** Supplied data follows **
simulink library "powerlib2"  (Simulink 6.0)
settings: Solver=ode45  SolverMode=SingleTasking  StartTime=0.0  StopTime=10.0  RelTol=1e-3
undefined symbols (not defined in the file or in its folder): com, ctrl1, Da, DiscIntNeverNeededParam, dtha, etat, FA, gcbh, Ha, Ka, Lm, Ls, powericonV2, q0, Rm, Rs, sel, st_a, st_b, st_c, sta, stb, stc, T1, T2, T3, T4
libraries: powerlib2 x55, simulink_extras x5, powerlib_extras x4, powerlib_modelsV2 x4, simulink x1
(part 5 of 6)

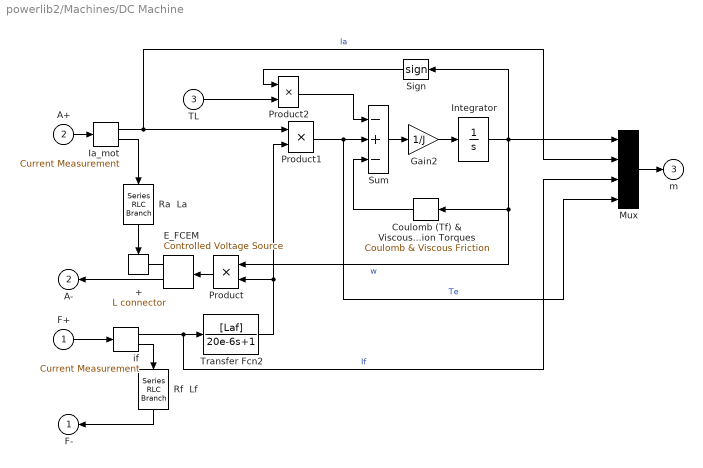
== system powerlib2/Machines/DC Machine ==
  F+ : Inport  Port=1  LatchInput=off
  A+ : Inport  Port=2  LatchInput=off
  TL : Inport  Port=3  LatchInput=off
  + : powerlib2/Connectors/L connector  Tag=PoWeRsYsTeMbLoCk  Orientation=down
  Coulomb (Tf) & Viscous ( Bm*w)  Friction Torques : simulink/Discontinuities/Coulomb & Viscous Friction  Orientation=left  offset=Tf  gain=Bm
  E_FCEM : powerlib2/Electrical Sources/Controlled Voltage Source  Tag=PoWeRsYsTeMbLoCk  Orientation=left  initsrc=on  srctyp=AC  iv=0  iph=0  ifreq=0  mesure=None  PSBOutputType=11
  Gain2 : Gain  Gain=1/J  SaturateOnIntegerOverflow=on
  Ia_mot : powerlib2/Measurements/Current Measurement  Tag=PoWeRsYsTeMmEaSuReMeNtFiRsT  PhasorSimulation=off  OutputType=Magnitude  PSBOutputType=01  PSBequivalent=0
  Integrator : Integrator  InitialCondition=w0
  Mux : Mux
  Product : Product  Orientation=left  SaturateOnIntegerOverflow=on  InputSameDT=on
  Product1 : Product  SaturateOnIntegerOverflow=on  InputSameDT=on
  Product2 : Product  SaturateOnIntegerOverflow=on  InputSameDT=on
  Ra  La : powerlib2/Elements/Series RLC Branch  Tag=PoWeRsYsTeMbLoCk  Orientation=down  a=Ra  b=La  c=inf  mesure=None  PSBOutputType=1
  Rf  Lf : powerlib2/Elements/Series RLC Branch  Tag=PoWeRsYsTeMbLoCk  Orientation=down  a=Rf  b=Lf  c=inf  mesure=None  PSBOutputType=1
  Sign : Signum  Orientation=left
  Sum : Sum  Inputs=-+-  SaturateOnIntegerOverflow=on  InputSameDT=on
  Transfer Fcn2 : TransferFcn  Numerator=[Laf]  Denominator=[20e-6 1]
  if : powerlib2/Measurements/Current Measurement  Tag=PoWeRsYsTeMmEaSuReMeNt  PhasorSimulation=off  OutputType=Magnitude  PSBOutputType=01  PSBequivalent=0
  F- : Outport  Orientation=left  InitialOutput=0
  A- : Outport  Orientation=left  Port=2  InitialOutput=0
  m : Outport  Port=3  InitialOutput=0
  wires:
  A+/1 -> Ia_mot/1
  Ia_mot/2 -> Ra  La/1
  Ra  La/1 -> +/1
  F+/1 -> if/1
  if/2 -> Rf  Lf/1
  E_FCEM/1 -> +/Enable
  E_FCEM/2 -> A-/1
  Rf  Lf/1 -> F-/1
  Ia_mot/1 -> Product1/1, Mux/2  "Ia"
  if/1 -> Transfer Fcn2/1, Mux/3  "If"
  Product2/1 -> Sum/1
  TL/1 -> Product2/2
  Sign/1 -> Product2/1
  Sum/1 -> Gain2/1
  Gain2/1 -> Integrator/1
  Integrator/1 -> Coulomb (Tf) & Viscous ( Bm*w)  Friction Torques/1, Product/1, Mux/1, Sign/1  "w"
  Product/1 -> E_FCEM/1
  Product1/1 -> Sum/2, Mux/4  "Te"
  Mux/1 -> m/1
  Transfer Fcn2/1 -> Product1/2, Product/2
  Coulomb (Tf) & Viscous ( Bm*w)  Friction Torques/1 -> Sum/3

== system powerlib2/Machines/Excitation System ==
  vref : Inport  Port=1  LatchInput=off
  vd : Inport  Port=2  LatchInput=off
  vq : Inport  Port=3  LatchInput=off
  vstab : Inport  Port=4  LatchInput=off
  Source : powerlib_modelsV2/Continuous/Excitation_System  tr=tr  reg=reg  exc=exc  tgr=tgr  damp=damp  sat=sat  lim=lim  v0=v0
  Vf : Outport  InitialOutput=0
  wires:
  Source/1 -> Vf/1
  vref/1 -> Source/1
  vd/1 -> Source/2
  vq/1 -> Source/3
  vstab/1 -> Source/4

== system powerlib2/Machines/Generic Power System Stabilizer ==
  In : Inport  Port=1  LatchInput=off
  Source : powerlib_modelsV2/Continuous/PSS  Tsensor=Tsensor  K=K  Twashout=Twashout  Tleadlag1=Tleadlag1  Tleadlag2=Tleadlag2  VSlimits=VSlimits  Vinit=Vinit  Plot_On=off  MagdB_On=on  FreqRange=logspace(-2,2,500)
  Vstab : Outport  InitialOutput=0
  wires:
  Source/1 -> Vstab/1
  In/1 -> Source/1

== system powerlib2/Machines/HTG ==
  wref : Inport  Port=1  LatchInput=off
  Pref : Inport  Port=2  LatchInput=off
  we : Inport  Port=3  LatchInput=off
  Pe0 : Inport  Port=4  LatchInput=off
  dw : Inport  Port=5  LatchInput=off
  Source : powerlib_modelsV2/Continuous/HTG  sm=sm  gate=gate  reg=reg  hyd=hyd  dref=dref  po=po
  Pm : Outport  InitialOutput=0
  gate : Outport  Port=2  InitialOutput=0
  wires:
  wref/1 -> Source/1
  Pref/1 -> Source/2
  we/1 -> Source/3
  Pe0/1 -> Source/4
  dw/1 -> Source/5
  Source/2 -> gate/1
  Source/1 -> Pm/1

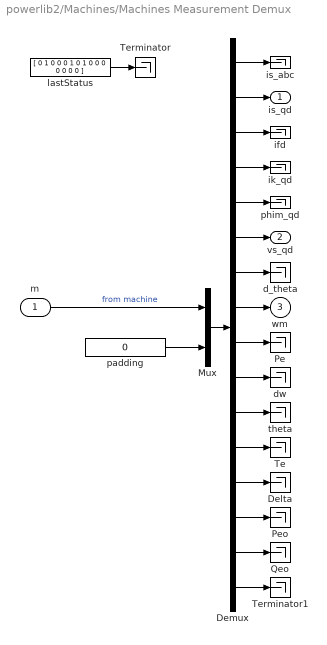
== system powerlib2/Machines/Machines Measurement Demux ==
  m : Inport  Port=1  LatchInput=off
  Delta : Terminator
      settings: Tag=port13
  Demux : Demux  Outputs="[3 2 1 3 2 2 1 1 1 1 1 1 1 1 1,  1]"
  Mux : Mux  Inputs=2
  Pe : Terminator
      settings: Tag=port9
  Peo : Terminator
      settings: Tag=port14
  Qeo : Terminator
      settings: Tag=port15
  Te : Terminator
      settings: Tag=port12
  Terminator : Terminator
  Terminator1 : Terminator
  d_theta : Terminator
      settings: Tag=port7
  dw : Terminator
      settings: Tag=port10
  ifd : Terminator
      settings: Tag=port3
  ik_qd : Terminator
      settings: Tag=port4
  is_abc : Terminator
      settings: Tag=port1
  lastStatus : Constant  Value="[ 0  1  0  0  0  1  0  1  0  0  0  0  0  0  0 ]"
  padding : Constant  Value=0
  phim_qd : Terminator
      settings: Tag=port5
  theta : Terminator
      settings: Tag=port11
  is_qd : Outport  Tag=port2
  vs_qd : Outport  Tag=port6  Port=2
  wm : Outport  Tag=port8  Port=3
  wires:
  padding/1 -> Mux/2
  Demux/1 -> is_abc/1
  Demux/2 -> is_qd/1
  Demux/3 -> ifd/1
  Demux/4 -> ik_qd/1
  Demux/5 -> phim_qd/1
  Demux/6 -> vs_qd/1
  Demux/7 -> d_theta/1
  Demux/8 -> wm/1
  Demux/9 -> Pe/1
  Demux/10 -> dw/1
  Demux/11 -> theta/1
  Mux/1 -> Demux/1
  lastStatus/1 -> Terminator/1
  m/1 -> Mux/1  "from machine"
  Demux/16 -> Terminator1/1
  Demux/15 -> Qeo/1
  Demux/14 -> Peo/1
  Demux/13 -> Delta/1
  Demux/12 -> Te/1

== system powerlib2/Machines/Multi-Band Power System Stabilizer ==
  dw : Inport  Port=1  LatchInput=off
  Source : powerlib_modelsV2/Continuous/MBPSS  OperationMode=Simplified settings  Kg=Kg  GL=GL  GI=GI  GH=GH  GLd=GLd  TcLF=TcLF  GId=GId  TcIF=TcIF  GHd=GHd  TcHF=TcHF  LIM=LIM  Plot_On=off  MagdB_On=off  FreqRange=logspace(-2,2,500)
  Vstab : Outport  InitialOutput=0
  wires:
  dw/1 -> Source/1
  Source/1 -> Vstab/1

== system powerlib2/Machines/Permanent Magnet Synchronous Machine ==
  A : Inport  Port=1  LatchInput=off
  B : Inport  Port=2  LatchInput=off
  C : Inport  Port=3  LatchInput=off
  Tm : Inport  Port=4  LatchInput=off
  Terminator : Terminator
  Terminator1 : Terminator
  Terminator2 : Terminator
  m : Outport  InitialOutput=0
  tag scope: tp200482=global
  wires:
  C/1 -> Terminator2/1
  B/1 -> Terminator1/1
  A/1 -> Terminator/1
  Tm/1 -> [tp200482]
  [tp200488] -> m/1

== system powerlib2/Machines/STG ==
  wref : Inport  Port=1  LatchInput=off
  Pref : Inport  Port=2  LatchInput=off
  wm : Inport  Port=3  LatchInput=off
  d_theta : Inport  Port=4  LatchInput=off
  4 mass shaft : Subsystem  TreatAsAtomicUnit=on
  Constant2 : Constant  Orientation=up  Value=gentype==2
  Constant3 : Constant  Orientation=up  Value=gentype~=2
  Pboil : Constant  Orientation=left  Value=1.0
  Product : Product  SaturateOnIntegerOverflow=on  InputSameDT=on
  Sum : Sum  Inputs=+  SaturateOnIntegerOverflow=on  InputSameDT=on
  Switch1 : Switch  Threshold=0.5  InputSameDT=on
  speed regulator : Subsystem  mask(Speed regulator for thermal turbine){Rp=reg1(2), Kp=reg1(1), Dz=reg1(3), Tsr=reg2(1), Tsm=reg2(2), lim=reg3, g0=q0}
      mask prompts: Rp "Permanent droop Rp:"; Kp "Regulator gain Kp:"; Dz "Regulator dead zone limit Dz (p.u.):"; Tsr "Speed relay time constant Tsr (s):"; Tsm "Servo motor time constant Tsv:"; lim "Gate opening limits [ vgmin,vgmax (p.u./s)  gmin,gmax (p.u.)]:"; g0 "Initial gate opening g0 (p.u.):"
      mask init:
      | vgmin=lim(1); vgmax=lim(2); gmin=lim(3); gmax=lim(4);
  steam turbine : Subsystem  mask(Thermal turbine){Fa=FA, Ta=turb1, f0=q0}
      mask prompts: Fa "Generator 1 torque fractions [ F1  F2  F3  F4 ]:"; Ta "Time constants [ T1  T2  T3  T4 ] (s):"; f0 "Initial flows f0:"
      mask init:
      | F2=Fa(1); F3=Fa(2); F4=Fa(3); F5=Fa(4);
      | if Ta(1)==0, T1=1; else T1=Ta(1); end; if Ta(2)==0, T2=1; else T2=Ta(2); end
      | if Ta(3)==0, T3=1; else T3=Ta(3); end; if Ta(4)==0, T4=1; else T4=Ta(4); end
  dw_5-2 : Outport
  Tr5-2 : Outport  Port=2
  gate : Outport  Port=3
  Pm : Outport  Port=4
  wires:
  wm/1 -> Product/2, speed regulator/4(w)
  Pref/1 -> speed regulator/2(Pref)
  wref/1 -> speed regulator/3(wref)
  Pboil/1 -> steam turbine/2(Pboil)
  Product/1 -> Pm/1
  4 mass shaft/2(Tr2-5) -> Tr5-2/1
  Switch1/1 -> Product/1
  4 mass shaft/1(Tm_g) -> Switch1/3
  Sum/1 -> Switch1/1
  Constant3/1 -> Switch1/2
  d_theta/1 -> 4 mass shaft/2(d_theta)
  steam turbine/1(flowHp) -> speed regulator/1(flowHP)
  steam turbine/2(T5-2) -> 4 mass shaft/1(T5-2), Sum/1
  4 mass shaft/3(dw_5-2) -> dw_5-2/1
  speed regulator/1(gate opening) -> steam turbine/1(gate), gate/1
  Constant2/1 -> 4 mass shaft/Enable

== system powerlib2/Machines/Simplified Synchronous  Machine  pu Units ==
  Pm : Inport  Port=1  LatchInput=off
  E : Inport  Port=2  LatchInput=off
  Constant{,1..3} (4 alike) : Constant
  N : Terminator
  A : Outport  InitialOutput=0
  B : Outport  Port=2  InitialOutput=0
  C : Outport  Port=3  InitialOutput=0
  m_pu : Outport  Port=4  InitialOutput=0
  tag scope: tp200493=global, tp200499=global
  wires:
  [tp200504] -> m_pu/1
  Constant3/1 -> N/1
  Pm/1 -> [tp200493]
  E/1 -> [tp200499]
  Constant2/1 -> C/1
  Constant1/1 -> B/1
  Constant/1 -> A/1

== system powerlib2/Machines/Simplified Synchronous  Machine SI Units ==
  Pm : Inport  Port=1  LatchInput=off
  E : Inport  Port=2  LatchInput=off
  Constant{,1..3} (4 alike) : Constant
  N : Terminator
  A : Outport  InitialOutput=0
  B : Outport  Port=2  InitialOutput=0
  C : Outport  Port=3  InitialOutput=0
  m_SI : Outport  Port=4  InitialOutput=0
  tag scope: tp200509=global, tp200515=global
  wires:
  Constant3/1 -> N/1
  Constant2/1 -> C/1
  [tp200521] -> m_SI/1
  Constant/1 -> A/1
  Constant1/1 -> B/1
  Pm/1 -> [tp200509]
  E/1 -> [tp200515]

== system powerlib2/Machines/Synchronous Machine SI Fundamental ==
  Pm : Inport  Port=1  LatchInput=off
  Vf : Inport  Port=2  LatchInput=off
  Constant : Constant
  Constant1 : Constant
  Constant2 : Constant
  A : Outport  InitialOutput=0
  B : Outport  Port=2  InitialOutput=0
  C : Outport  Port=3  InitialOutput=0
  m_SI : Outport  Port=4  InitialOutput=0
  tag scope: tp200526=global, tp200532=global
  wires:
  Vf/1 -> [tp200532]
  Pm/1 -> [tp200526]
  [tp200537] -> m_SI/1
  Constant/1 -> A/1
  Constant1/1 -> B/1
  Constant2/1 -> C/1

== system powerlib2/Machines/Synchronous Machine pu Fundamental ==
  Pm : Inport  Port=1  LatchInput=off
  Vf : Inport  Port=2  LatchInput=off
  Constant : Constant
  Constant1 : Constant
  Constant2 : Constant
  A : Outport  InitialOutput=0
  B : Outport  Port=2  InitialOutput=0
  C : Outport  Port=3  InitialOutput=0
  m_pu : Outport  Port=4  InitialOutput=0
  tag scope: tp200543=global, tp200548=global
  wires:
  [tp200554] -> m_pu/1
  Pm/1 -> [tp200543]
  Vf/1 -> [tp200548]
  Constant/1 -> A/1
  Constant1/1 -> B/1
  Constant2/1 -> C/1

== system powerlib2/Machines/Synchronous Machine pu Standard ==
  Pm : Inport  Port=1  LatchInput=off
  Vf : Inport  Port=2  LatchInput=off
  Constant : Constant
  Constant1 : Constant
  Constant2 : Constant
  A : Outport  InitialOutput=0
  B : Outport  Port=2  InitialOutput=0
  C : Outport  Port=3  InitialOutput=0
  m_pu : Outport  Port=4  InitialOutput=0
  tag scope: tp200559=global, tp200565=global
  wires:
  Vf/1 -> [tp200565]
  Pm/1 -> [tp200559]
  [tp200570] -> m_pu/1
  Constant/1 -> A/1
  Constant1/1 -> B/1
  Constant2/1 -> C/1

== system powerlib2/Measurements/Current Measurement ==
  + : Inport  Port=1  LatchInput=off
  Constant : Constant  Orientation=left
  Mux : Mux  Inputs=2
  Phasor Measurements : powerlib2/Measurements/Voltage Measurement/Phasor Measurements  TreatAsAtomicUnit=on  SimViewingDevice=off  DataTypeOverride=UseLocalSettings  MinMaxOverflowLogging=UseLocalSettings
      settings: Permissions=ReadWrite  RTWFcnNameOpts=Auto  RTWFileNameOpts=Auto
  Selector : Selector  Elements=SelectionMode  InputPortWidth=length(OutputSelection)+1
  Simulation method : Constant  Orientation=down  Value=PhasorSimulation
  Terminator : Terminator
  i : Outport  InitialOutput=0
  - : Outport  Orientation=left  Port=2  InitialOutput=0
  wires:
  +/1 -> Terminator/1
  Constant/1 -> -/1
  Simulation method/1 -> Phasor Measurements/Enable
  Mux/1 -> Selector/1
  Phasor Measurements/1 -> Mux/1
  [tp200576] -> Phasor Measurements/1, Mux/2
  Selector/1 -> i/1

== system powerlib2/Measurements/Extra Library  ==

== system powerlib2/Measurements/Extra Library 1 ==

== system powerlib2/Measurements/Impedance Measurement ==
  note: Use this block
      | with the powergui
      | interface
  1 : Inport  Port=1  LatchInput=off
  2 : Inport  Port=2  LatchInput=off
  Terminator : Terminator
  Terminator1 : Terminator
  wires:
  2/1 -> Terminator1/1
  1/1 -> Terminator/1

== system powerlib2/Measurements/Multimeter ==
  Gain2 : Gain  Gain=Gain  SaturateOnIntegerOverflow=on
  Mode : Constant  Value=Display
  Mux : Mux  Inputs=2
  Phasor Measurements : Subsystem  TreatAsAtomicUnit=on
  Selector : Selector  Elements=SelectionMode  InputPortWidth=length(OutputSelection)+length(sel)
  Simulation method : Constant  Orientation=down  Value=PhasorSimulation
  StoreData : Subsystem  Orientation=down  LoadFcn=if strcmp(bdroot,'powerlib')|strcmp(bdroot,'powerlib11')|strcmp(bdroot,'powerlib2');return;else;set_param([gcb,'/To Workspace'],'VariableName',strrep(tempname,tempdir,''));end  TreatAsAtomicUnit=on  mask{RowMax=inf}
      mask prompts: RowMax "Maximum Number of rows"
      settings: CopyFcn=if strcmp(bdroot,'powerlib')|strcmp(bdroot,'powerlib11')|strcmp(bdroot,'powerlib2');return;else;set_param([gcb,'/To Workspace'],'VariableName',strrep(tempname,tempdir,''));end
  selection : Selector  Elements=sel  InputPortWidth=L
  Out1 : Outport
  wires:
  Mode/1 -> StoreData/Enable
  selection/1 -> Gain2/1
  [gotomultimeterPSB] -> selection/1
  Gain2/1 -> Phasor Measurements/1(In1), Mux/2
  Simulation method/1 -> Phasor Measurements/Enable
  Phasor Measurements/1(Out1) -> Mux/1
  Mux/1 -> Selector/1
  Selector/1 -> Out1/1, StoreData/1(In1)

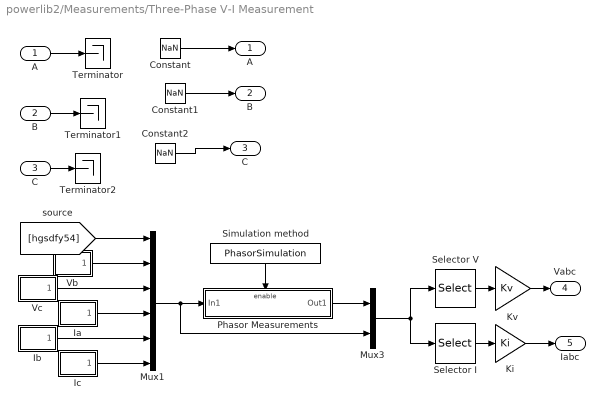
== system powerlib2/Measurements/Three-Phase V-I Measurement ==
  A : Inport  Port=1  LatchInput=off
  B : Inport  Port=2  LatchInput=off
  C : Inport  Port=3  LatchInput=off
  Constant : Constant  Value=NaN
  Constant1 : Constant  Value=NaN
  Constant2 : Constant  Value=NaN
  Ia : Subsystem
  Ib : Subsystem
  Ic : Subsystem
  Ki : Gain  Gain=Ki  SaturateOnIntegerOverflow=on
  Kv : Gain  Gain=Kv  SaturateOnIntegerOverflow=on
  Mux1 : Mux  Inputs=6
  Mux3 : Mux  Inputs=2
  Phasor Measurements : Subsystem  TreatAsAtomicUnit=on
  Selector I : Selector  Elements=SelectionModeI  InputPortWidth=length(OutputSelection)+6
  Selector V : Selector  Elements=SelectionModeV  InputPortWidth=length(OutputSelection)+6
  Simulation method : Constant  Orientation=down  Value=PhasorSimulation
  Terminator : Terminator
  Terminator1 : Terminator
  Terminator2 : Terminator
  Vb : Subsystem
  Vc : Subsystem
  "A " : Outport
  "B " : Outport  Port=2
  "C " : Outport  Port=3
  Vabc : Outport  Port=4
  Iabc : Outport  Port=5
  wires:
  A/1 -> Terminator/1
  B/1 -> Terminator1/1
  C/1 -> Terminator2/1
  Constant/1 -> "A "/1
  Constant1/1 -> "B "/1
  Constant2/1 -> "C "/1
  Kv/1 -> Vabc/1
  Ki/1 -> Iabc/1
  Selector V/1 -> Kv/1
  Selector I/1 -> Ki/1
  Mux3/1 -> Selector I/1, Selector V/1
  Phasor Measurements/1(Out1) -> Mux3/1
  Simulation method/1 -> Phasor Measurements/Enable
  Mux1/1 -> Mux3/2, Phasor Measurements/1(In1)
  [hgsdfy54] -> Mux1/1
  Vb/1(Out1) -> Mux1/2
  Vc/1(Out1) -> Mux1/3
  Ia/1(Out1) -> Mux1/4
  Ib/1(Out1) -> Mux1/5
  Ic/1(Out1) -> Mux1/6

== system powerlib2/Measurements/Voltage Measurement ==
  + : Inport  Port=1  LatchInput=off
  - : Inport  Port=2  LatchInput=off
  Mux : Mux  Inputs=2
  Phasor Measurements : Subsystem  TreatAsAtomicUnit=on
  Selector : Selector  Elements=SelectionMode  InputPortWidth=length(OutputSelection)+1
  Simulation method : Constant  Orientation=down  Value=PhasorSimulation
  Terminator : Terminator
  Terminator1 : Terminator
  v : Outport  InitialOutput=0
  wires:
  Simulation method/1 -> Phasor Measurements/Enable
  Mux/1 -> Selector/1
  Phasor Measurements/1(options) -> Mux/1
  Selector/1 -> v/1
  -/1 -> Terminator1/1
  +/1 -> Terminator/1
  [tp200597] -> Mux/2, Phasor Measurements/1(measure)

== system powerlib2/Power Electronics/  Extra Library  ==

== system powerlib2/Power Electronics/  Extra Library 1 ==

== system powerlib2/Power Electronics/Detailed Thyristor ==
  a : Inport  Port=1  LatchInput=off
  g : Inport  Port=2  LatchInput=off
  Constant : Constant
  Terminator : Terminator
  k : Outport  InitialOutput=0
  m : Outport  Port=2  InitialOutput=0
  tag scope: tp200603=global
  wires:
  a/1 -> Terminator/1
  Constant/1 -> k/1
  g/1 -> [tp200603]
  [tp200608] -> m/1

== system powerlib2/Power Electronics/Diode ==
  a : Inport  Port=1  LatchInput=off
  Constant : Constant
  Terminator : Terminator
  k : Outport  InitialOutput=0
  m : Outport  Port=2  InitialOutput=0
  wires:
  a/1 -> Terminator/1
  Constant/1 -> k/1
  [tp200614] -> m/1

== system powerlib2/Power Electronics/Gto ==
  a : Inport  Port=1  LatchInput=off
  g : Inport  Port=2  LatchInput=off
  Constant : Constant
  Terminator : Terminator
  k : Outport  InitialOutput=0
  m : Outport  Port=2  InitialOutput=0
  tag scope: tp200619=global
  wires:
  a/1 -> Terminator/1
  Constant/1 -> k/1
  g/1 -> [tp200619]
  [tp200625] -> m/1

== system powerlib2/Power Electronics/IGBT ==
  C : Inport  Port=1  LatchInput=off
  g : Inport  Port=2  LatchInput=off
  Constant : Constant
  Terminator : Terminator
  E : Outport  InitialOutput=0
  m : Outport  Port=2  InitialOutput=0
  tag scope: tp200630=global
  wires:
  [tp200636] -> m/1
  g/1 -> [tp200630]
  Constant/1 -> E/1
  C/1 -> Terminator/1

== system powerlib2/Power Electronics/Ideal Switch ==
  1 : Inport  Port=1  LatchInput=off
  g : Inport  Port=2  LatchInput=off
  Constant : Constant
  Terminator : Terminator
  2 : Outport  InitialOutput=0
  m : Outport  Port=2  InitialOutput=0
  tag scope: tp200641=global
  wires:
  [tp200647] -> m/1
  g/1 -> [tp200641]
  Constant/1 -> 2/1
  1/1 -> Terminator/1

== system powerlib2/Power Electronics/Mosfet ==
  d : Inport  Port=1  LatchInput=off
  g : Inport  Port=2  LatchInput=off
  Constant : Constant
  Terminator : Terminator
  s : Outport  InitialOutput=0
  m : Outport  Port=2  InitialOutput=0
  tag scope: tp200652=global
  wires:
  [tp200658] -> m/1
  g/1 -> [tp200652]
  Constant/1 -> s/1
  d/1 -> Terminator/1

== system powerlib2/Power Electronics/Three-Level Bridge ==
  A : Inport  Port=1  LatchInput=off
  B : Inport  Port=2  LatchInput=off
  C : Inport  Port=3  LatchInput=off
  pulses : Inport  Port=4  PortDimensions=4*arms  LatchInput=off
  Logical Operator : Logic  OutDataTypeMode=Specify via dialog  LogicDataType=float('double')
  c1 : Constant
  c2 : Constant
  c3 : Constant
  s1 : Selector  Elements=selection1  InputPortWidth=4*arms
  s2 : Selector  Elements=selection2  InputPortWidth=4*arms
  t1 : Terminator
  t2 : Terminator
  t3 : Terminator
** End of Supplied data **
▶ **Exercise goal**:
Report only how many lines in the entries above contain the string "lastStatus".

▶ **Output of the task**:
2